Hysteroscopy is a minimally invasive, safe endoscopic method using a small camera for diagnostic or surgical purposes. In gynaecology, it has been used as a supplement to ultrasound examination to visualize the interior of the cervix and the uterine cavity. In addition to its diagnostic value, hysteroscopy can be used in surgical treatment in the case of suspected mucosal changes, uterine defects, adhesions or myomas. It is used as one of the methods of diagnosing infertility.

Hysteroscopy can be performed without anaesthesia using only muscle relaxants.
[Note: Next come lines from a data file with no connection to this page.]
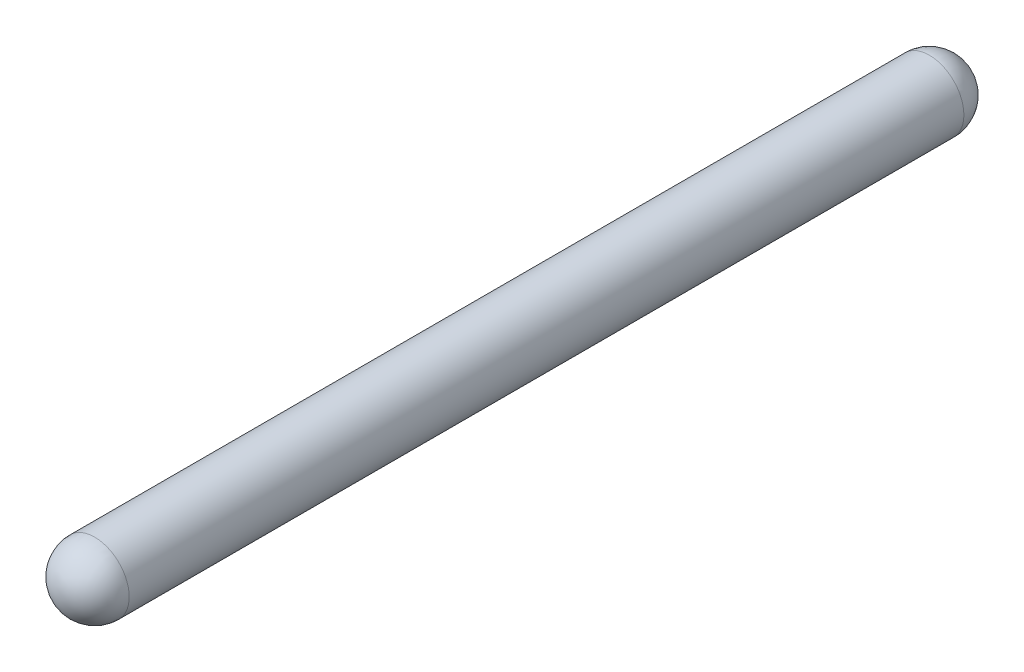
ISO-10303-21;
HEADER;
FILE_DESCRIPTION(('STEP AP214'),'2;1');
FILE_NAME('part.step','',(''),(''),'','','');
FILE_SCHEMA(('AUTOMOTIVE_DESIGN { 1 0 10303 214 1 1 1 1 }'));
ENDSEC;
DATA;
#1=APPLICATION_CONTEXT('core data for automotive mechanical design processes');
#2=APPLICATION_PROTOCOL_DEFINITION('international standard','automotive_design',2000,#1);
#3=PRODUCT_CONTEXT('',#1,'mechanical');
#4=PRODUCT('Part','Part','',(#3));
#5=PRODUCT_RELATED_PRODUCT_CATEGORY('part','',(#4));
#6=PRODUCT_DEFINITION_FORMATION('','',#4);
#7=PRODUCT_DEFINITION_CONTEXT('part definition',#1,'design');
#8=PRODUCT_DEFINITION('design','',#6,#7);
#9=PRODUCT_DEFINITION_SHAPE('','',#8);
#10=(LENGTH_UNIT() NAMED_UNIT(*) SI_UNIT(.MILLI.,.METRE.));
#11=(NAMED_UNIT(*) PLANE_ANGLE_UNIT() SI_UNIT($,.RADIAN.));
#12=(NAMED_UNIT(*) SI_UNIT($,.STERADIAN.) SOLID_ANGLE_UNIT());
#13=UNCERTAINTY_MEASURE_WITH_UNIT(LENGTH_MEASURE(1.E-05),#10,'distance_accuracy_value','');
#14=(GEOMETRIC_REPRESENTATION_CONTEXT(3) GLOBAL_UNCERTAINTY_ASSIGNED_CONTEXT((#13)) GLOBAL_UNIT_ASSIGNED_CONTEXT((#10,
#11,#12)) REPRESENTATION_CONTEXT('',''));
#15=CARTESIAN_POINT('',(0.,0.,0.));
#16=DIRECTION('',(0.,0.,1.));
#17=DIRECTION('',(1.,0.,0.));
#18=AXIS2_PLACEMENT_3D('',#15,#16,#17);
#19=CARTESIAN_POINT('',(-1.27,0.,-3.));
#20=DIRECTION('',(1.,0.,0.));
#21=DIRECTION('',(0.,-1.,0.));
#22=AXIS2_PLACEMENT_3D('',#19,#20,#21);
#23=SPHERICAL_SURFACE('',#22,0.331);
#24=CARTESIAN_POINT('',(-1.27,0.,-3.));
#25=DIRECTION('',(0.,0.,1.));
#26=DIRECTION('',(1.,0.,0.));
#27=AXIS2_PLACEMENT_3D('',#24,#25,#26);
#28=CIRCLE('',#27,0.331);
#29=CARTESIAN_POINT('',(-0.939,0.,-3.));
#30=VERTEX_POINT('',#29);
#31=CARTESIAN_POINT('',(-1.601,0.,-3.));
#32=VERTEX_POINT('',#31);
#33=EDGE_CURVE('E42',#30,#32,#28,.T.);
#34=ORIENTED_EDGE('',*,*,#33,.F.);
#35=CARTESIAN_POINT('',(-1.27,0.,-3.));
#36=DIRECTION('',(0.,0.,1.));
#37=DIRECTION('',(1.,0.,0.));
#38=AXIS2_PLACEMENT_3D('',#35,#36,#37);
#39=CIRCLE('',#38,0.331);
#40=EDGE_CURVE('E26',#32,#30,#39,.T.);
#41=ORIENTED_EDGE('',*,*,#40,.F.);
#42=EDGE_LOOP('',(#34,#41));
#43=FACE_BOUND('',#42,.T.);
#44=ADVANCED_FACE('F17',(#43),#23,.T.);
#45=CARTESIAN_POINT('',(-1.27,0.,5.));
#46=DIRECTION('',(1.,0.,0.));
#47=DIRECTION('',(0.,1.,0.));
#48=AXIS2_PLACEMENT_3D('',#45,#46,#47);
#49=SPHERICAL_SURFACE('',#48,0.331);
#50=CARTESIAN_POINT('',(-1.27,0.,5.));
#51=DIRECTION('',(0.,0.,1.));
#52=DIRECTION('',(1.,0.,0.));
#53=AXIS2_PLACEMENT_3D('',#50,#51,#52);
#54=CIRCLE('',#53,0.331);
#55=CARTESIAN_POINT('',(-0.939,0.,5.));
#56=VERTEX_POINT('',#55);
#57=CARTESIAN_POINT('',(-1.601,0.,5.));
#58=VERTEX_POINT('',#57);
#59=EDGE_CURVE('E11',#56,#58,#54,.F.);
#60=ORIENTED_EDGE('',*,*,#59,.F.);
#61=CARTESIAN_POINT('',(-1.27,0.,5.));
#62=DIRECTION('',(0.,0.,1.));
#63=DIRECTION('',(1.,0.,0.));
#64=AXIS2_PLACEMENT_3D('',#61,#62,#63);
#65=CIRCLE('',#64,0.331);
#66=EDGE_CURVE('E34',#58,#56,#65,.F.);
#67=ORIENTED_EDGE('',*,*,#66,.F.);
#68=EDGE_LOOP('',(#60,#67));
#69=FACE_BOUND('',#68,.T.);
#70=ADVANCED_FACE('F49',(#69),#49,.T.);
#71=CARTESIAN_POINT('',(-1.27,0.,-3.));
#72=DIRECTION('',(0.,0.,1.));
#73=DIRECTION('',(1.,0.,0.));
#74=AXIS2_PLACEMENT_3D('',#71,#72,#73);
#75=CYLINDRICAL_SURFACE('',#74,0.331);
#76=ORIENTED_EDGE('',*,*,#66,.T.);
#77=ORIENTED_EDGE('',*,*,#59,.T.);
#78=EDGE_LOOP('',(#76,#77));
#79=FACE_BOUND('',#78,.T.);
#80=ORIENTED_EDGE('',*,*,#40,.T.);
#81=ORIENTED_EDGE('',*,*,#33,.T.);
#82=EDGE_LOOP('',(#80,#81));
#83=FACE_BOUND('',#82,.T.);
#84=ADVANCED_FACE('F45',(#79,#83),#75,.T.);
#85=CLOSED_SHELL('',(#44,#70,#84));
#86=MANIFOLD_SOLID_BREP('B1',#85);
#87=ADVANCED_BREP_SHAPE_REPRESENTATION('',(#18,#86),#14);
#88=SHAPE_DEFINITION_REPRESENTATION(#9,#87);
ENDSEC;
END-ISO-10303-21;

The doctor inserts a hysteroscope (and microtools in the case of surgical hysteroscopy) through the genital tract. Any abnormalities that can be safely removed are excised by the doctor. Operative hysteroscopy is performed under general or, less frequently, local anaesthesia.

Hysteroscopy is performed after the end of menstrual bleeding in the first half of the cycle. Before the procedure, the doctor may order an infectious screening package (cervical culture, Chlamydia, anti-HIV antibodies, jaundice, venereal diseases) and cytology. The doctor may also order blood count and coagulation profile. In addition to the preliminary diagnosis, outpatient diagnostic hysteroscopy does not require any additional preparation.

Hysteroscopy owes its popularity to the low risk associated with the procedure. The risk of pelvic inflammatory disease is less than 1% and antibiotic therapy is additionally used as a preventive measure.
Hysteroscopy may be complicated by uterine wall perforation or damage to the adjacent organs, but such complications are extremely rare.